**The problem**
Nothing but the lines from the one that contains "Inport8/1 -> BusCreator1/2" through the end of the data should be reproduced, and each must match exactly.

**Collected data entries**
══════════════════════════════
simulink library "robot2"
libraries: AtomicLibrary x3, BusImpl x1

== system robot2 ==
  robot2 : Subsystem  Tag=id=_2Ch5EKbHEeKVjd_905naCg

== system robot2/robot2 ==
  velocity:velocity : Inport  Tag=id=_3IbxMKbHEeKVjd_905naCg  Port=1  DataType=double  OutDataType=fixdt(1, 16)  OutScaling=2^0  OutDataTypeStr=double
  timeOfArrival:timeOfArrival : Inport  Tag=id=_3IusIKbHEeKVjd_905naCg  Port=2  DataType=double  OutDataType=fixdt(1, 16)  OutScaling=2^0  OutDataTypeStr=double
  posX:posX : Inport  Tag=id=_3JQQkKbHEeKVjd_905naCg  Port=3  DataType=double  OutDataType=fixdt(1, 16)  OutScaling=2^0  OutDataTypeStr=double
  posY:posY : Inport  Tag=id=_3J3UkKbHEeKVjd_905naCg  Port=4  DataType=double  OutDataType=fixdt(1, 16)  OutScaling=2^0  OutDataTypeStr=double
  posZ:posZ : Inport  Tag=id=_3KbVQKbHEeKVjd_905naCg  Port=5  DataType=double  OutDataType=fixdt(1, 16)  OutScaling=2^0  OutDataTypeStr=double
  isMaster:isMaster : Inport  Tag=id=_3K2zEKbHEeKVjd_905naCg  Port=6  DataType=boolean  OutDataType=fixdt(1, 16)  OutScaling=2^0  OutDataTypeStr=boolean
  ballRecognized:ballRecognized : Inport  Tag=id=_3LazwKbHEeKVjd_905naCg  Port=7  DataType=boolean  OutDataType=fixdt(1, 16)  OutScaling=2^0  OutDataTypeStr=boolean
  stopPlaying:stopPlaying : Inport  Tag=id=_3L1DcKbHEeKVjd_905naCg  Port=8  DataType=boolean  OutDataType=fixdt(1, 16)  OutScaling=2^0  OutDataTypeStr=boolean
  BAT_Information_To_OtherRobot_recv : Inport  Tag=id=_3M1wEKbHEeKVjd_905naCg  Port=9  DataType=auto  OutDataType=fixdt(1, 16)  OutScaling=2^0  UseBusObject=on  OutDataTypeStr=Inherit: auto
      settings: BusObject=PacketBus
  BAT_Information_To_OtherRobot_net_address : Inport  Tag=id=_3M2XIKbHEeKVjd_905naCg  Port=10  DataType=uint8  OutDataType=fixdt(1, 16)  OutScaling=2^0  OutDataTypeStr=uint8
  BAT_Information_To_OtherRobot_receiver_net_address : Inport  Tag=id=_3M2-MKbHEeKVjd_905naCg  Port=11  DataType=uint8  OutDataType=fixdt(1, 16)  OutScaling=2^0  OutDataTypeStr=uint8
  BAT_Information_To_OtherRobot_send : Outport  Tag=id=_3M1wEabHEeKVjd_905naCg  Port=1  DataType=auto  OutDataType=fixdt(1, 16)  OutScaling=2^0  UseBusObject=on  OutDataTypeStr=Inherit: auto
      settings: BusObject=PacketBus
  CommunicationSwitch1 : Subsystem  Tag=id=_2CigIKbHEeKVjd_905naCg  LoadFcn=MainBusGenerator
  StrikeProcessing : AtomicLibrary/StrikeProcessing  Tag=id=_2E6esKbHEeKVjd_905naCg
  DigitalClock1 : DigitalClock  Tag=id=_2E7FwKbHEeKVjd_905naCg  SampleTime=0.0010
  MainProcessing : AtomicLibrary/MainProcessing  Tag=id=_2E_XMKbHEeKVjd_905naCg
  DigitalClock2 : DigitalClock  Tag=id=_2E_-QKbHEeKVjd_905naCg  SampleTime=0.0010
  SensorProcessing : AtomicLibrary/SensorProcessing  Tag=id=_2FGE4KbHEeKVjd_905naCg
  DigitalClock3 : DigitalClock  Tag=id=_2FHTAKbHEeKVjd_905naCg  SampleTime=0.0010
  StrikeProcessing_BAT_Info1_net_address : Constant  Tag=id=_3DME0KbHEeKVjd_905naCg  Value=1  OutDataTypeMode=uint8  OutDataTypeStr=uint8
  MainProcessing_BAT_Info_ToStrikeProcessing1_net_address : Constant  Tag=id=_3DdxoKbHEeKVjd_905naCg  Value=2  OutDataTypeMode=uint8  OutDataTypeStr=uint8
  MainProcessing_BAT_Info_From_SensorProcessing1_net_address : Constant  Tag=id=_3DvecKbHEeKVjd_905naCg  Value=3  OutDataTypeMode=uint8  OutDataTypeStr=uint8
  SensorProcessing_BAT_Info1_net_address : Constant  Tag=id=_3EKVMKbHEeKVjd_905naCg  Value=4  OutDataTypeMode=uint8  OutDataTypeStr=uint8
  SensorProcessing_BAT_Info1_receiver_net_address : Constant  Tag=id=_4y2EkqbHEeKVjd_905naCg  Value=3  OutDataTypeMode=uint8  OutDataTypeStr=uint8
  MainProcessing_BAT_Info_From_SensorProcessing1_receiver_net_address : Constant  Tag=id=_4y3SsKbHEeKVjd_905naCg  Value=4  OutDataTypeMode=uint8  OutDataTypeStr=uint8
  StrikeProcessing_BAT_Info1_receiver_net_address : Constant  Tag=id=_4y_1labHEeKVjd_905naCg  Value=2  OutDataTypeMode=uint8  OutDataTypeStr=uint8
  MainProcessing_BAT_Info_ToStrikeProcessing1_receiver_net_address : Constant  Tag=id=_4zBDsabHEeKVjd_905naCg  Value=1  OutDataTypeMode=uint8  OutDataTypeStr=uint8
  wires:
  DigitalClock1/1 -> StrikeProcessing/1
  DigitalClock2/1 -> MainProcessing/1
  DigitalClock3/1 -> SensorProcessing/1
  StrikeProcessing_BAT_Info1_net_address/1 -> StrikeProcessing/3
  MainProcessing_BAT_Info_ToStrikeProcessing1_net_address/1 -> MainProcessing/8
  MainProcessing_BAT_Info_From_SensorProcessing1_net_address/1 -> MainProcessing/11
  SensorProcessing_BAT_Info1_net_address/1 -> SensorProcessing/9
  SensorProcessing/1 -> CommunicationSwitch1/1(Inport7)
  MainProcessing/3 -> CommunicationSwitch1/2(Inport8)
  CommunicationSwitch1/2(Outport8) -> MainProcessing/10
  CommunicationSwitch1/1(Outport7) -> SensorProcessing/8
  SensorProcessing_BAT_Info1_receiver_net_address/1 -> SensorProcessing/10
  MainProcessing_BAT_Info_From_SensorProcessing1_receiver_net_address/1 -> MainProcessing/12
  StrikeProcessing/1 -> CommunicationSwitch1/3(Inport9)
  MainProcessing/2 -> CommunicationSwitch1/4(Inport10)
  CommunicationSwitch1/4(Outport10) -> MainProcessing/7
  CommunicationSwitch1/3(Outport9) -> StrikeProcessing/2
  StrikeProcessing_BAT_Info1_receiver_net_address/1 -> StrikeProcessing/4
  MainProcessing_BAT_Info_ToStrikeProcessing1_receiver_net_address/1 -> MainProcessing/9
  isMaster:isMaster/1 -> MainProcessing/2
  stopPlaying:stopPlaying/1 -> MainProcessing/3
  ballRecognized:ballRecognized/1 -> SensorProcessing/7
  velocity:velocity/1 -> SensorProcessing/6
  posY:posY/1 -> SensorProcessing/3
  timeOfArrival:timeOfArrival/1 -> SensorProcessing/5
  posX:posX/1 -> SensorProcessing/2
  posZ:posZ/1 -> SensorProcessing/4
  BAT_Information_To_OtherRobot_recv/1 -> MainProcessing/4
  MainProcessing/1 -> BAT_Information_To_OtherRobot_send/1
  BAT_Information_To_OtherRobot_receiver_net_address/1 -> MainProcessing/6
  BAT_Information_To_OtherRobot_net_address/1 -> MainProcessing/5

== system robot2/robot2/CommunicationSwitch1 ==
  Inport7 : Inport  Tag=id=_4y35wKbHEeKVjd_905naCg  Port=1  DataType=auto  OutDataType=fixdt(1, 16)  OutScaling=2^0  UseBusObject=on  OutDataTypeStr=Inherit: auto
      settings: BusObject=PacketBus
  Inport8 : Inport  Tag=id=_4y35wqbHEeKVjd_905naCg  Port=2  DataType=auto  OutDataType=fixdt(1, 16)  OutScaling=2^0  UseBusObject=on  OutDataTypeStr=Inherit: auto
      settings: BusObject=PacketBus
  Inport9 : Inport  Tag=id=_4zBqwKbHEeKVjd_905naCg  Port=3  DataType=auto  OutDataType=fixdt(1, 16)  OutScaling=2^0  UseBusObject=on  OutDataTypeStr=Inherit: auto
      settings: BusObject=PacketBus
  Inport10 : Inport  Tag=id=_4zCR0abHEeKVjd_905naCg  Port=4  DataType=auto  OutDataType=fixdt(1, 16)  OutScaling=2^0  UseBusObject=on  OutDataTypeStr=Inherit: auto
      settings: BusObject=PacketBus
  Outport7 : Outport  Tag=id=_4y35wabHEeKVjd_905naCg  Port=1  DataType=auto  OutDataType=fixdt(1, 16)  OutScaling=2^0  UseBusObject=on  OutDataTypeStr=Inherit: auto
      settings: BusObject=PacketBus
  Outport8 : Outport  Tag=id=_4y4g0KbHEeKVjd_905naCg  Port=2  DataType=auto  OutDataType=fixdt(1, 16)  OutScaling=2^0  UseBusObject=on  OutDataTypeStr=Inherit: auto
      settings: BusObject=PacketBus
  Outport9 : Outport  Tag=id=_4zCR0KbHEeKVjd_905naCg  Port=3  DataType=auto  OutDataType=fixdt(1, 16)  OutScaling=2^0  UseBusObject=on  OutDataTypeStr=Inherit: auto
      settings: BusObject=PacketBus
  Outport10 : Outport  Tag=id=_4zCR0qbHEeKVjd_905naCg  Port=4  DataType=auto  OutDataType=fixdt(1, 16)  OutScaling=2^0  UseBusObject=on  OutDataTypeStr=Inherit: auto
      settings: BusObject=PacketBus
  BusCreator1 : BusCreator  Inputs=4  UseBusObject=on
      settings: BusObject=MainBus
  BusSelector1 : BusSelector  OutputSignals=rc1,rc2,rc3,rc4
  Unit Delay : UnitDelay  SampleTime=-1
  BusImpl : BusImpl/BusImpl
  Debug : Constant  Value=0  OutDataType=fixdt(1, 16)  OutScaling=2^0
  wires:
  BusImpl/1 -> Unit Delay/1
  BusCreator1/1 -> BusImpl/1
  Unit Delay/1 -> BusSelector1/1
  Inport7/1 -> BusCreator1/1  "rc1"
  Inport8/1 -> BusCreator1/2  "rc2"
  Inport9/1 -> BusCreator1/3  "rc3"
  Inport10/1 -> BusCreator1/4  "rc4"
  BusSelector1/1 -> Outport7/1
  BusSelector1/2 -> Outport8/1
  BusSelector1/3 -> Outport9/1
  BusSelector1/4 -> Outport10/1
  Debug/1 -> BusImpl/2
══════════════════════════════
**Exercise result**
  Inport8/1 -> BusCreator1/2  "rc2"
  Inport9/1 -> BusCreator1/3  "rc3"
  Inport10/1 -> BusCreator1/4  "rc4"
  BusSelector1/1 -> Outport7/1
  BusSelector1/2 -> Outport8/1
  BusSelector1/3 -> Outport9/1
  BusSelector1/4 -> Outport10/1
  Debug/1 -> BusImpl/2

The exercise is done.